According to Damas and Neves, the appropriate configuration of DNS servers, or specifically limiting recursive responses to can reduce variations of this attack (Neves, 2008). 7.15 Defenses possible to prevent becoming an intermediary system Blocking the usage of IP-directed broadcasts is the most effective method in reducing the possibility of a system becoming an intermediary in an amplification attack. Either the internet service provider or the organization itself practices this defensive method. 7.16 Slash dotted and flash crowds Slash dotted and flash crowds refers to large volumes of legitimate system traffic, ultimately slowing or rendering a connection temporarily useless. Slash dotted and or flash crowds may occur when an event occurs that draws attention to a specific web site.
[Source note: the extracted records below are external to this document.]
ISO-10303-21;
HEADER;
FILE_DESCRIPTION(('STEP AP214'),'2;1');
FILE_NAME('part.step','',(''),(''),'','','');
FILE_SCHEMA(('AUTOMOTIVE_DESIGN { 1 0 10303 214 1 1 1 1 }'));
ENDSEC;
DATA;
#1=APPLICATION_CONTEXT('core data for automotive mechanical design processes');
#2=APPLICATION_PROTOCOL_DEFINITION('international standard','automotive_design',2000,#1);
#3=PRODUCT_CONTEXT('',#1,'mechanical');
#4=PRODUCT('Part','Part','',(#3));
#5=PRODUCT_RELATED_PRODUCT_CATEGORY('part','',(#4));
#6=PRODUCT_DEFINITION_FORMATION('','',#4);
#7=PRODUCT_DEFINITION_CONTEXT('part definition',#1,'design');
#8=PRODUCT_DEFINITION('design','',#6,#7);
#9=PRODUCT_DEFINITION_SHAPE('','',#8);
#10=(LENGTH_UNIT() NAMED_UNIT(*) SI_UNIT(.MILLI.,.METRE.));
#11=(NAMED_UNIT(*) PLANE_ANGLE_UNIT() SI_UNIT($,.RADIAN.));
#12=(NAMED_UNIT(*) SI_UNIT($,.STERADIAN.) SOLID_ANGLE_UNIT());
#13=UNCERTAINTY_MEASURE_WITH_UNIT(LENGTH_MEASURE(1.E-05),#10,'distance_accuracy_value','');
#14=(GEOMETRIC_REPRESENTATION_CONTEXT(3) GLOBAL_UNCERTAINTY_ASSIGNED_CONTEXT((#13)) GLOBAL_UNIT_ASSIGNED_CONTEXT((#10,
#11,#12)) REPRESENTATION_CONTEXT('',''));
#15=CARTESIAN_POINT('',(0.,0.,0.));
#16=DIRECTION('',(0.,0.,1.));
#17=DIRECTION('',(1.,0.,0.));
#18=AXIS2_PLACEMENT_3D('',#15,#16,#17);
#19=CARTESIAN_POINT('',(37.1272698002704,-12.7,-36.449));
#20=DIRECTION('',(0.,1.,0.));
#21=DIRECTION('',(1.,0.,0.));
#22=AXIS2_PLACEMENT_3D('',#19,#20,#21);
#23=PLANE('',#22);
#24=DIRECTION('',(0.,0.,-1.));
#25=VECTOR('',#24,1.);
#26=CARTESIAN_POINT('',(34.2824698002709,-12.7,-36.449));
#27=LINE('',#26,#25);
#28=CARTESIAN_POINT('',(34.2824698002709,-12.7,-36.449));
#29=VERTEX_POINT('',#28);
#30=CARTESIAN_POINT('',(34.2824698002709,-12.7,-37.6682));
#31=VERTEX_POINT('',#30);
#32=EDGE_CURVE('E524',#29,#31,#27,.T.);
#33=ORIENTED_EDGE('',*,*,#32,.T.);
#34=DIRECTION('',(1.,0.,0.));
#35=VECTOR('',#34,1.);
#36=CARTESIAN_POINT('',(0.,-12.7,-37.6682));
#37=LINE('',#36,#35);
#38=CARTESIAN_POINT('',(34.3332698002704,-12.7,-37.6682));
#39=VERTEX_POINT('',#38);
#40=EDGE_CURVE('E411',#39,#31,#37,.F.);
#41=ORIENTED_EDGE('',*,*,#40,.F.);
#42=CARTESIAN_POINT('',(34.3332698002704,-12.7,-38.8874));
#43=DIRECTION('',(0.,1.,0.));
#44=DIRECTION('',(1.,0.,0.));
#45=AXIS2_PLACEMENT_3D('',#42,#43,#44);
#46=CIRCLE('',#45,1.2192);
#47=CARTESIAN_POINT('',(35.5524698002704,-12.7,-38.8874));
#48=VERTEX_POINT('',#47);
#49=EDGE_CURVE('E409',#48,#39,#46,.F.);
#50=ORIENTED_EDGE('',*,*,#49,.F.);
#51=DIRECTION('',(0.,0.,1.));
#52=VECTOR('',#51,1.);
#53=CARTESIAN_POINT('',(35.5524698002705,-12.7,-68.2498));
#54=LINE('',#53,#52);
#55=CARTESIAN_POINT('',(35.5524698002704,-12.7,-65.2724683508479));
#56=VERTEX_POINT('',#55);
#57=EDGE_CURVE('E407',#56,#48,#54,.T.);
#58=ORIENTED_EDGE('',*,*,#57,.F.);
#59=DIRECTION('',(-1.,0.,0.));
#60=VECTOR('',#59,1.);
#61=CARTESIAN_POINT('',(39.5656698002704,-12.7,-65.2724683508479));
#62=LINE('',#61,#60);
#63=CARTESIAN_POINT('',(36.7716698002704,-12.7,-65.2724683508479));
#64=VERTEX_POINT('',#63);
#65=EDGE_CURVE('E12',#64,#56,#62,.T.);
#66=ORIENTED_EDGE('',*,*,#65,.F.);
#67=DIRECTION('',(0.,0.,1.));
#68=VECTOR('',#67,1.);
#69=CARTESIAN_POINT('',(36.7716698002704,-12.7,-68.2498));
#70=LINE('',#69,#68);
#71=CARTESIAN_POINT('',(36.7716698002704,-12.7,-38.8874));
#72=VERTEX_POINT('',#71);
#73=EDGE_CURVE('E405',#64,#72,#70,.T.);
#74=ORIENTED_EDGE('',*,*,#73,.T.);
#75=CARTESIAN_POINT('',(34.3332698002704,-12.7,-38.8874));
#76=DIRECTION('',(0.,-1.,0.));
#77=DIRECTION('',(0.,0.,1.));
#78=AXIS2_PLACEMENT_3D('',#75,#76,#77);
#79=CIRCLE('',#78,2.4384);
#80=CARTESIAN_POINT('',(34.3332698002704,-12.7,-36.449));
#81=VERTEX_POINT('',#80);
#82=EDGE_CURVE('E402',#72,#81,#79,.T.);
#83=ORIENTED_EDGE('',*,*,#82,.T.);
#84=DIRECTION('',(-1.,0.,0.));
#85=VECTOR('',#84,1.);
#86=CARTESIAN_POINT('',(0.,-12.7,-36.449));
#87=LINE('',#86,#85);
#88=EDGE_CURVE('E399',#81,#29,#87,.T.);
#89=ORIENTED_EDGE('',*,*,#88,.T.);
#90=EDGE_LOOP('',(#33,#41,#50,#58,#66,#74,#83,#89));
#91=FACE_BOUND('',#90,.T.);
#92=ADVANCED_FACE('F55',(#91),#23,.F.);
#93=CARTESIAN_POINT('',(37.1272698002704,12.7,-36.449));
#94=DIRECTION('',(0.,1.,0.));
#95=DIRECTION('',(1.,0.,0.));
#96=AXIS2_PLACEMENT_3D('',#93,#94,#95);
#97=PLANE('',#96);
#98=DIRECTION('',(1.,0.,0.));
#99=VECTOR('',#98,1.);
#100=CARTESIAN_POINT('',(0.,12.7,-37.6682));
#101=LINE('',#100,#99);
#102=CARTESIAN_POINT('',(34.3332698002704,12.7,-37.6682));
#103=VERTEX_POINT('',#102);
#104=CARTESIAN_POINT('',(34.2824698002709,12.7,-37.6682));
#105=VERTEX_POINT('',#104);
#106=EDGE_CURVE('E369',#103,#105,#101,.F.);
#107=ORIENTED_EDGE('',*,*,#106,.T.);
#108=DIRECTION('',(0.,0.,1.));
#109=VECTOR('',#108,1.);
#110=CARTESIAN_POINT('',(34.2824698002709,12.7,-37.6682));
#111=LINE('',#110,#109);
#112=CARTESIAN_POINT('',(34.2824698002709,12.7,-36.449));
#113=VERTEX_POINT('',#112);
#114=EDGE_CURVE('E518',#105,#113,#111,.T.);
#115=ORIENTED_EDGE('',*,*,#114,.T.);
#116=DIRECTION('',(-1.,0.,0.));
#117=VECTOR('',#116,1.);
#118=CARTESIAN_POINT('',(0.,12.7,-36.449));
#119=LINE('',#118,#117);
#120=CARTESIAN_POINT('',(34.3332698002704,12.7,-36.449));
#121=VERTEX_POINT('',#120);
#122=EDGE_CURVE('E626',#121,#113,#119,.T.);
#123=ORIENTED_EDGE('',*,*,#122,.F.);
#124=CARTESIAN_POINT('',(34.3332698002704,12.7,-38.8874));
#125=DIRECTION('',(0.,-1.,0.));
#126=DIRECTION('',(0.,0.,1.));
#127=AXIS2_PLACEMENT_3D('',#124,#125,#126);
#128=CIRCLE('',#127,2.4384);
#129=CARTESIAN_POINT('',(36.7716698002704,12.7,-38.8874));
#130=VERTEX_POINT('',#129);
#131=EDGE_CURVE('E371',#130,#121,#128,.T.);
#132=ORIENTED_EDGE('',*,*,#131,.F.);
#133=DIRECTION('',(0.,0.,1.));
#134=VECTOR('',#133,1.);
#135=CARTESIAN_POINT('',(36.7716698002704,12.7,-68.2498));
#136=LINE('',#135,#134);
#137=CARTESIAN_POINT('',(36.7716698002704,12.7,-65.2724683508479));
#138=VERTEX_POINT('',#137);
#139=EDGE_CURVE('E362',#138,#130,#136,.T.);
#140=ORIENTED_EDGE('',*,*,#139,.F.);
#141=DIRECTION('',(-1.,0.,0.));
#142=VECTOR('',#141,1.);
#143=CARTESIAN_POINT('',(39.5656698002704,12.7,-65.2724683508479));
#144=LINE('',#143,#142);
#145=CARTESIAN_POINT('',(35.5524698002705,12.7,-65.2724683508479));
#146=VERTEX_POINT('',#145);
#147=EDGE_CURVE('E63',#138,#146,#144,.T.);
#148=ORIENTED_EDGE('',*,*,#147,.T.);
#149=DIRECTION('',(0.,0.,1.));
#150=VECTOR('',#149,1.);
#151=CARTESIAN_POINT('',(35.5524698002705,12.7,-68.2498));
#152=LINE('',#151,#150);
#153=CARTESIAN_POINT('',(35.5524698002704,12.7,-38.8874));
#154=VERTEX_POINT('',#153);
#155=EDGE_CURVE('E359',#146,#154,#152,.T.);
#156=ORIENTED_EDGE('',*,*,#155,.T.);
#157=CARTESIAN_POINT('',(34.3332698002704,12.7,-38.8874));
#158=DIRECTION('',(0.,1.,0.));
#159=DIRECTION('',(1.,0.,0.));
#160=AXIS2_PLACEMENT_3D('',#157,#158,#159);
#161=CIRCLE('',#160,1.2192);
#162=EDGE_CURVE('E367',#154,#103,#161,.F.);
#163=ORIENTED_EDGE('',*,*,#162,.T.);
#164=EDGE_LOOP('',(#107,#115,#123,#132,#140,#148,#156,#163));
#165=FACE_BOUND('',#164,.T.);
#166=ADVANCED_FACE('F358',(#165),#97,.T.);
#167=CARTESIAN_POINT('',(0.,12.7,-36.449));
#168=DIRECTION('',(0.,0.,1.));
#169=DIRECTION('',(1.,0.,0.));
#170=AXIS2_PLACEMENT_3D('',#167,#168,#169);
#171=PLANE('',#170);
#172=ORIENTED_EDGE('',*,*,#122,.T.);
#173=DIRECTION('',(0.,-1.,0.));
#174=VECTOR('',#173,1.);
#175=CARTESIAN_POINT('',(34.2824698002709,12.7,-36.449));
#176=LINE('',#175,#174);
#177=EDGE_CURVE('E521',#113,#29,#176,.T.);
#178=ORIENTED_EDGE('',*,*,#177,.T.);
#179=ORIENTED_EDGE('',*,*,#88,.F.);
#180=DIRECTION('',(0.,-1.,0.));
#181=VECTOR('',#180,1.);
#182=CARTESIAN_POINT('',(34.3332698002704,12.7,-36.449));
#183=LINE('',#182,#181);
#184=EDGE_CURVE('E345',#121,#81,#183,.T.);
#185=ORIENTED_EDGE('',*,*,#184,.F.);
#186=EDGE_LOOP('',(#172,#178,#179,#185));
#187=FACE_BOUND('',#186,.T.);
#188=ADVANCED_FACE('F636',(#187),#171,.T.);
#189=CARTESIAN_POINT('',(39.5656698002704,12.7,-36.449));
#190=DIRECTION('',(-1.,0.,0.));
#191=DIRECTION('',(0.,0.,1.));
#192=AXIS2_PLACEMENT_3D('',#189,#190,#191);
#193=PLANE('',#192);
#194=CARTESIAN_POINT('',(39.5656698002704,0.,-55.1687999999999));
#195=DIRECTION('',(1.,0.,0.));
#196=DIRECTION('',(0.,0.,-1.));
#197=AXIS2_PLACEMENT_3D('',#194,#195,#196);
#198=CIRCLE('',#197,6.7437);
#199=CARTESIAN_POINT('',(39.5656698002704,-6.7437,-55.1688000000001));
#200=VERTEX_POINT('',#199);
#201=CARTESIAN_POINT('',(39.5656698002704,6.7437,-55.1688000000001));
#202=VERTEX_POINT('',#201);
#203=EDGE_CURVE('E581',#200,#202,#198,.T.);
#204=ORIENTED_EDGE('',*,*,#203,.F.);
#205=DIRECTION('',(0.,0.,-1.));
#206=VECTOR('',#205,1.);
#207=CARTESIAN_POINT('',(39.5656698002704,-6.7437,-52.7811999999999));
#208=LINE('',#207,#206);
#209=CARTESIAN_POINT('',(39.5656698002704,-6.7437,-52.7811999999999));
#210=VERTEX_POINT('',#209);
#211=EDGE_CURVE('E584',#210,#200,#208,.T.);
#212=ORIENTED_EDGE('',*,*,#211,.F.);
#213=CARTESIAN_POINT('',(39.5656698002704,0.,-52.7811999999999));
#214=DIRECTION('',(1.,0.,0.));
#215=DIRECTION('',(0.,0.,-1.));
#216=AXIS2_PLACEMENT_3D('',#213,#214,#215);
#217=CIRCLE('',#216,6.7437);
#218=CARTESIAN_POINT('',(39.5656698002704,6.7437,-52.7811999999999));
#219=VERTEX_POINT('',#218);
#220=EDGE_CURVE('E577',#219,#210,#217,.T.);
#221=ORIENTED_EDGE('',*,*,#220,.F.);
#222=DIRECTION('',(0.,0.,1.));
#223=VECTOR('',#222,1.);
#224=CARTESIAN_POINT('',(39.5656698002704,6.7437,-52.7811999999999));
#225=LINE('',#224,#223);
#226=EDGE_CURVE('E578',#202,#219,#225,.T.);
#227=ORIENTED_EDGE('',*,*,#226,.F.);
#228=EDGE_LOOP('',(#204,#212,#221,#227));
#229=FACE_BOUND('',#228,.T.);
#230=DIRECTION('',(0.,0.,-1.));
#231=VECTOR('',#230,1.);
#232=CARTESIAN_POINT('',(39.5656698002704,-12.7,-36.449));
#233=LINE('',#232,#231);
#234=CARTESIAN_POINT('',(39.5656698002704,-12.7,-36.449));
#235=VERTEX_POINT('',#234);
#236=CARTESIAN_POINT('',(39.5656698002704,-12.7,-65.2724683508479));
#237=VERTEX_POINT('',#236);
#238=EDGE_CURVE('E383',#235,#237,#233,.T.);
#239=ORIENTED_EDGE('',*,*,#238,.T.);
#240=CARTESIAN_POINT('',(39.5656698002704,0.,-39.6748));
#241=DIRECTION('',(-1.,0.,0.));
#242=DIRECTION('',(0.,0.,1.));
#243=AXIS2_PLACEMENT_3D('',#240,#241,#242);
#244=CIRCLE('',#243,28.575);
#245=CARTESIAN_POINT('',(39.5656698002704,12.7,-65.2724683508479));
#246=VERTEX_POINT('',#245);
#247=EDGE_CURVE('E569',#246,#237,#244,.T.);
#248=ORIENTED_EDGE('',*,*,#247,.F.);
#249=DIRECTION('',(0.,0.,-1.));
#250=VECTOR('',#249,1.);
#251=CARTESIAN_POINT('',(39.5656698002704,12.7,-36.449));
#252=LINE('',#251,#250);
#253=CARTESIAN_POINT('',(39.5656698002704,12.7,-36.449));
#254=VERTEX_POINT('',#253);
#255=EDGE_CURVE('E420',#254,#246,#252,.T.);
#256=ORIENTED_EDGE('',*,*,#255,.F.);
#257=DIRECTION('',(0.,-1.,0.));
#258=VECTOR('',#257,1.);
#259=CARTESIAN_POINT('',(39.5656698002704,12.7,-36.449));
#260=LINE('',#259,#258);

Defense against DoS attacks during predictable slash dotted events is possible, as systems may restrict usage of replicated distributed servers. 7.17 Steps taken when DoS attacks occur There are several steps to take after DoS attack detection. The first step involves identifying the type of attack and determine the appropriate countermeasure. Monitoring and capturing packets flowing into the system in search of common attacking types can achieve this task. An Internet service provider may also perform this task upon request if time, skill, and resources are limited. The second step involves applying packet filters appropriate for the type of attack packets coming through. Internet service providers or select routers provide such filters. Unfortunately, not all DoS attacks are preventable or capable of complete stoppage once initiated, without switching to back-up servers or applying new servers with alternative addresses, 7.18 Measures needed to trace DoS attacks There is a variety of measures usable in order to trace the source of packets used in DoS attacks. An Internet service provider may trace the flow of packets to identify the source upon request.

Unfortunately, packets used with spoofed addresses is a time consuming and costly practice for organizations and service providers alike. Overall, the process of tracing packets is not easy to accomplish due to the level of cooperation required between the corporation and owners of the victimized network and systems. References DAVID MOORE, C. S. (2006). Inferring Internet Denial-of-Service Activity. ACM Transactions on Computer Systems, 115-138. Neves, J. D. (2008). Preventing Use of Recursive Nameservers in Reflector Attacks. Network Working Group. Stallings, W., & Brown, L. (2015). Computer Security: Principles and Practice. Upper Saddle River: Pearson.